Extracted records —

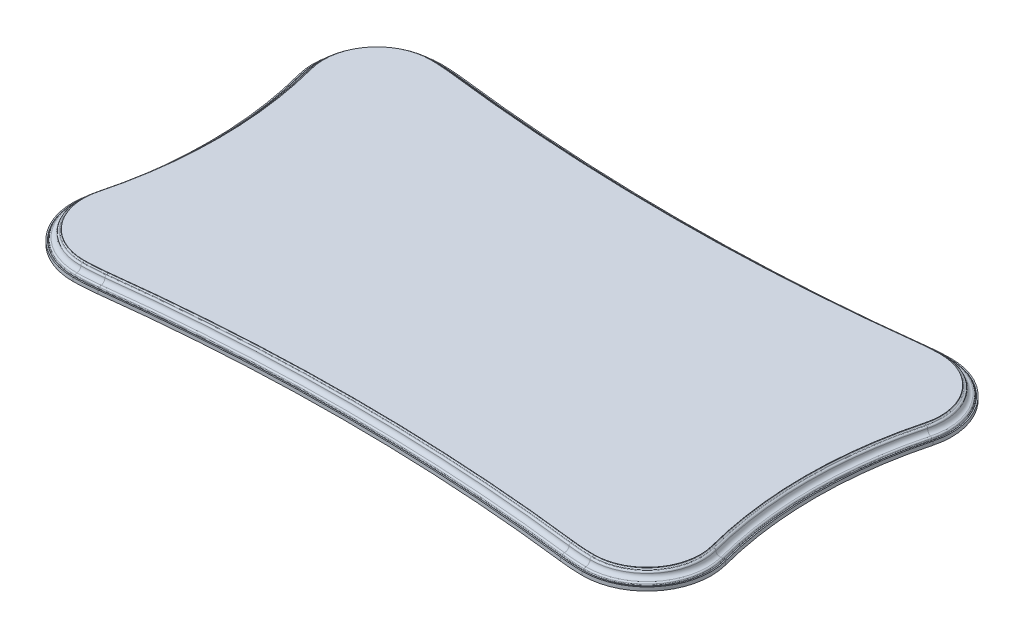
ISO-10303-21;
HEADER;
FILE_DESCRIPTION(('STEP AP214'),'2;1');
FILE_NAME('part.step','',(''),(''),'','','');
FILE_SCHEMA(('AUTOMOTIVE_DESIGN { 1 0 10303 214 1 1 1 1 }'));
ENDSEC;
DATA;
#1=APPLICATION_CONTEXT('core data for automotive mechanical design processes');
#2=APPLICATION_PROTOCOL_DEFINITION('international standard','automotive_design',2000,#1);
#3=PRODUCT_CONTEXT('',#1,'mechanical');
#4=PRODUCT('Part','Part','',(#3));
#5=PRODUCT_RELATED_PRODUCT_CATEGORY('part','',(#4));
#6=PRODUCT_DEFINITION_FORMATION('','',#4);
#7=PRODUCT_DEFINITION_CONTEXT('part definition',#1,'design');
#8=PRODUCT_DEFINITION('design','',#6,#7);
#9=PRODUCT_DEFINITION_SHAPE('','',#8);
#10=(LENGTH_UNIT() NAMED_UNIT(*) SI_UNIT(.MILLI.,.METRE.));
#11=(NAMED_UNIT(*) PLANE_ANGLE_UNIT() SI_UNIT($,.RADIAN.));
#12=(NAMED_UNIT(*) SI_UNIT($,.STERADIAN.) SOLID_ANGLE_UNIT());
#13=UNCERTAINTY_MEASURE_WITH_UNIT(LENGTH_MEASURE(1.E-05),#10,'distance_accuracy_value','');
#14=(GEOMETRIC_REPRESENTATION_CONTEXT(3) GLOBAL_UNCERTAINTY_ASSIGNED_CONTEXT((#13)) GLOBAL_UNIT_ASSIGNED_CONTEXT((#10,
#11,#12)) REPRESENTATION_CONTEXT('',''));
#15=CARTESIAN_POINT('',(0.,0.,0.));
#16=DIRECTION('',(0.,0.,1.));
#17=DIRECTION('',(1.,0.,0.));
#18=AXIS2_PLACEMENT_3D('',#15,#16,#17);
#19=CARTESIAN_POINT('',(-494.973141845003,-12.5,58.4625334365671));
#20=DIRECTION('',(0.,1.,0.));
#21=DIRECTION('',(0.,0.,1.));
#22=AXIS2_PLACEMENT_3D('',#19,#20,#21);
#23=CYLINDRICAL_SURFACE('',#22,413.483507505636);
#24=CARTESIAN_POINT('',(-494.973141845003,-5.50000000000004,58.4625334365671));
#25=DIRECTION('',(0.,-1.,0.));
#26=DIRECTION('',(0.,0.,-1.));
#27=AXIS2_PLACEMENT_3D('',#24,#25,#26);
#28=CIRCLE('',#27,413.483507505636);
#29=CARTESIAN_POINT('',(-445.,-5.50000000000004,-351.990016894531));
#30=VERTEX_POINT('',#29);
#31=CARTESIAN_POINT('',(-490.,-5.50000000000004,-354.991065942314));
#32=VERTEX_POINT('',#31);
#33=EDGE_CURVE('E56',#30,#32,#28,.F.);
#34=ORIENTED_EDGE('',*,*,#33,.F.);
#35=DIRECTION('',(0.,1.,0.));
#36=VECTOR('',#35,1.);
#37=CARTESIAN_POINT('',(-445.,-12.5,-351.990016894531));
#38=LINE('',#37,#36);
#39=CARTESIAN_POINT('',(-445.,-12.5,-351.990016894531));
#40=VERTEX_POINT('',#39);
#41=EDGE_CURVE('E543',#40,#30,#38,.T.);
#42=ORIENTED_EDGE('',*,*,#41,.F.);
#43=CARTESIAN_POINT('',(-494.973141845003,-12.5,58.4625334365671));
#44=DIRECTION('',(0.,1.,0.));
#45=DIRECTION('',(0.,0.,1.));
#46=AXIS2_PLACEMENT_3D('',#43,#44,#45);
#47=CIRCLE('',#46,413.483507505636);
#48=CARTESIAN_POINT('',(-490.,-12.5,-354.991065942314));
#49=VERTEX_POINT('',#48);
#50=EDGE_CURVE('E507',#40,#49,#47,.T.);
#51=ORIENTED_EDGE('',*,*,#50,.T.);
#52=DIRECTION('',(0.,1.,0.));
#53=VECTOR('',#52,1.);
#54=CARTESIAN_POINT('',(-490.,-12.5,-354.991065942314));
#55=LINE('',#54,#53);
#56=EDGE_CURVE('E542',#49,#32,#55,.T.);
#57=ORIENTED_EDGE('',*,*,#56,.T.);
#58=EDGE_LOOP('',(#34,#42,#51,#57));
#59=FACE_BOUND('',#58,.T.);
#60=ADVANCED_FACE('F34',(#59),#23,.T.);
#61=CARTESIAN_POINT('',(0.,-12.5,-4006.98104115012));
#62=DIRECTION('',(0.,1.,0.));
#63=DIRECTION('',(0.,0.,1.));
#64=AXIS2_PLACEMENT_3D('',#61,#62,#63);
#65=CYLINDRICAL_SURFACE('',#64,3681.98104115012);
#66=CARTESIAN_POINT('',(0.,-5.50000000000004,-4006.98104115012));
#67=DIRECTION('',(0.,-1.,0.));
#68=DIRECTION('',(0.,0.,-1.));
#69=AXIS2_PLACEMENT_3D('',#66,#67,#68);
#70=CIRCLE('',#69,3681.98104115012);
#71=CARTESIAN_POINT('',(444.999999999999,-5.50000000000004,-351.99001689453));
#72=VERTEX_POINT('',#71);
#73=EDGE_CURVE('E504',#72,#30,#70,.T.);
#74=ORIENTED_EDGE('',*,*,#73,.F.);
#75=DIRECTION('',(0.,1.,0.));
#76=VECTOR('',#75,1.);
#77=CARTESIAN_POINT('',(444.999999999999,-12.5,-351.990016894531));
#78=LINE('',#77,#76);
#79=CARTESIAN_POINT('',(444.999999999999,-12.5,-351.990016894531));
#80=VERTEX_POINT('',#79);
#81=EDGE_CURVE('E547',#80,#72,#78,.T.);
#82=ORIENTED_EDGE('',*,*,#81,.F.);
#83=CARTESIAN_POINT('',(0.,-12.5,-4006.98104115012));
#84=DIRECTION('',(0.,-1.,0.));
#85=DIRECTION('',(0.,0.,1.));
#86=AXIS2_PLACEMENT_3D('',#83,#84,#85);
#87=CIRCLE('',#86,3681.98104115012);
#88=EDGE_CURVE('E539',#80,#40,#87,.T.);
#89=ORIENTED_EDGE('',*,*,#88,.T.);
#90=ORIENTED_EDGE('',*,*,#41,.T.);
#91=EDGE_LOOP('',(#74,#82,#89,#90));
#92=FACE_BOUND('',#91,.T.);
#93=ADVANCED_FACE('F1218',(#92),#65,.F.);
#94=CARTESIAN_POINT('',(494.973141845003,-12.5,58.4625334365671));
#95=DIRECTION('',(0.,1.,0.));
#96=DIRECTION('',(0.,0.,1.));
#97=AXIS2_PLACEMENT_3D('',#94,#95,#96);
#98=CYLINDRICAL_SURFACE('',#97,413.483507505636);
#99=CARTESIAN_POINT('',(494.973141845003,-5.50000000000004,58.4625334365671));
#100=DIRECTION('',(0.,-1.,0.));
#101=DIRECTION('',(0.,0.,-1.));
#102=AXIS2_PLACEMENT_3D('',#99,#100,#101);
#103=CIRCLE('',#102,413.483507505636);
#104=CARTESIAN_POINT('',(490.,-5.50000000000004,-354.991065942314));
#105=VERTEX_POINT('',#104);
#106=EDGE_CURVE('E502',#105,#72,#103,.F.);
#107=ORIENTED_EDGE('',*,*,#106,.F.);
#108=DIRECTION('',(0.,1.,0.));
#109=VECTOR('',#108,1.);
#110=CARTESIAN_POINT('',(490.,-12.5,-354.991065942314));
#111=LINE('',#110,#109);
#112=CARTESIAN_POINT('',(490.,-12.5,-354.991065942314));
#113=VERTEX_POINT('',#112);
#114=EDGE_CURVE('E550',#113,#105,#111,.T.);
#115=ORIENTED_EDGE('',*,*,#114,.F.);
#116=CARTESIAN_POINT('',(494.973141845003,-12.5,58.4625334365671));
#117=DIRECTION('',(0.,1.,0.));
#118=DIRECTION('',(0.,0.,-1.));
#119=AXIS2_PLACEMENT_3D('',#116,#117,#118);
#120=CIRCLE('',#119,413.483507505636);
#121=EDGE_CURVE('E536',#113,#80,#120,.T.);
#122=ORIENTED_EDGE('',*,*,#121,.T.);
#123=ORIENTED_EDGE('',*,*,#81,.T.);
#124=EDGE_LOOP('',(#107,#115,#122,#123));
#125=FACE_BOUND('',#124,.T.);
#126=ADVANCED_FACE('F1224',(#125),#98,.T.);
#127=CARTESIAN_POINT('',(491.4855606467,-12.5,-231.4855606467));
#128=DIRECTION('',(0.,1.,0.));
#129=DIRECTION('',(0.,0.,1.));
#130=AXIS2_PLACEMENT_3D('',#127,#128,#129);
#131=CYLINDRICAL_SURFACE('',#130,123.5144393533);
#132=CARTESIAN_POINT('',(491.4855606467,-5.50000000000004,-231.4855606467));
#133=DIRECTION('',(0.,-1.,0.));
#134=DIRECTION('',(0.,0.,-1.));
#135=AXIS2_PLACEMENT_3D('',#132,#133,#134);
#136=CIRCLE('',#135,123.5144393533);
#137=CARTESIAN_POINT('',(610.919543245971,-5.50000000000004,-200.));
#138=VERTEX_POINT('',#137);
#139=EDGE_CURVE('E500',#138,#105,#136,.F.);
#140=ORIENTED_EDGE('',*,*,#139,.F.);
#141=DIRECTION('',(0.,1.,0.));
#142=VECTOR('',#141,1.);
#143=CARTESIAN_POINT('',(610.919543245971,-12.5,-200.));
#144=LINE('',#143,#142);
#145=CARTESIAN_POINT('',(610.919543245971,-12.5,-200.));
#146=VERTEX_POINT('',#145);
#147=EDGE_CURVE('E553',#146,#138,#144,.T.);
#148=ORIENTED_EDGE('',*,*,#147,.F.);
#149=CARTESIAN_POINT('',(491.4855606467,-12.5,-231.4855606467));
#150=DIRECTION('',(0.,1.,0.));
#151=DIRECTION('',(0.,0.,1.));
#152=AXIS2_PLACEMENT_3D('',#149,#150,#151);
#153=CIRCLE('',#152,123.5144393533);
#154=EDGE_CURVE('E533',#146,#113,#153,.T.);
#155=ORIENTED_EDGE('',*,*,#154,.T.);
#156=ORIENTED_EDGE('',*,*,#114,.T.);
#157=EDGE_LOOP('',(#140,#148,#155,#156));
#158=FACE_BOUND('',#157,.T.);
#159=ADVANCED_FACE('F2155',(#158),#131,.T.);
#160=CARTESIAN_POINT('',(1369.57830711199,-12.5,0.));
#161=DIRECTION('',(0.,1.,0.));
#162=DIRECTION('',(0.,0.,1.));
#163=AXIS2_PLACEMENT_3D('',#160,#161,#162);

EXERCISE GOAL —
Only one stretch of the entries above is wanted: the lines from the one containing "#60=ADVANCED_FACE('F34',(#59),#23,.T.);" through the one containing "#86=AXIS2_PLACEMENT_3D('',#83,#84,#85);". Please reproduce it exactly.

RESULT FOR THIS EXERCISE —
#60=ADVANCED_FACE('F34',(#59),#23,.T.);
#61=CARTESIAN_POINT('',(0.,-12.5,-4006.98104115012));
#62=DIRECTION('',(0.,1.,0.));
#63=DIRECTION('',(0.,0.,1.));
#64=AXIS2_PLACEMENT_3D('',#61,#62,#63);
#65=CYLINDRICAL_SURFACE('',#64,3681.98104115012);
#66=CARTESIAN_POINT('',(0.,-5.50000000000004,-4006.98104115012));
#67=DIRECTION('',(0.,-1.,0.));
#68=DIRECTION('',(0.,0.,-1.));
#69=AXIS2_PLACEMENT_3D('',#66,#67,#68);
#70=CIRCLE('',#69,3681.98104115012);
#71=CARTESIAN_POINT('',(444.999999999999,-5.50000000000004,-351.99001689453));
#72=VERTEX_POINT('',#71);
#73=EDGE_CURVE('E504',#72,#30,#70,.T.);
#74=ORIENTED_EDGE('',*,*,#73,.F.);
#75=DIRECTION('',(0.,1.,0.));
#76=VECTOR('',#75,1.);
#77=CARTESIAN_POINT('',(444.999999999999,-12.5,-351.990016894531));
#78=LINE('',#77,#76);
#79=CARTESIAN_POINT('',(444.999999999999,-12.5,-351.990016894531));
#80=VERTEX_POINT('',#79);
#81=EDGE_CURVE('E547',#80,#72,#78,.T.);
#82=ORIENTED_EDGE('',*,*,#81,.F.);
#83=CARTESIAN_POINT('',(0.,-12.5,-4006.98104115012));
#84=DIRECTION('',(0.,-1.,0.));
#85=DIRECTION('',(0.,0.,1.));
#86=AXIS2_PLACEMENT_3D('',#83,#84,#85);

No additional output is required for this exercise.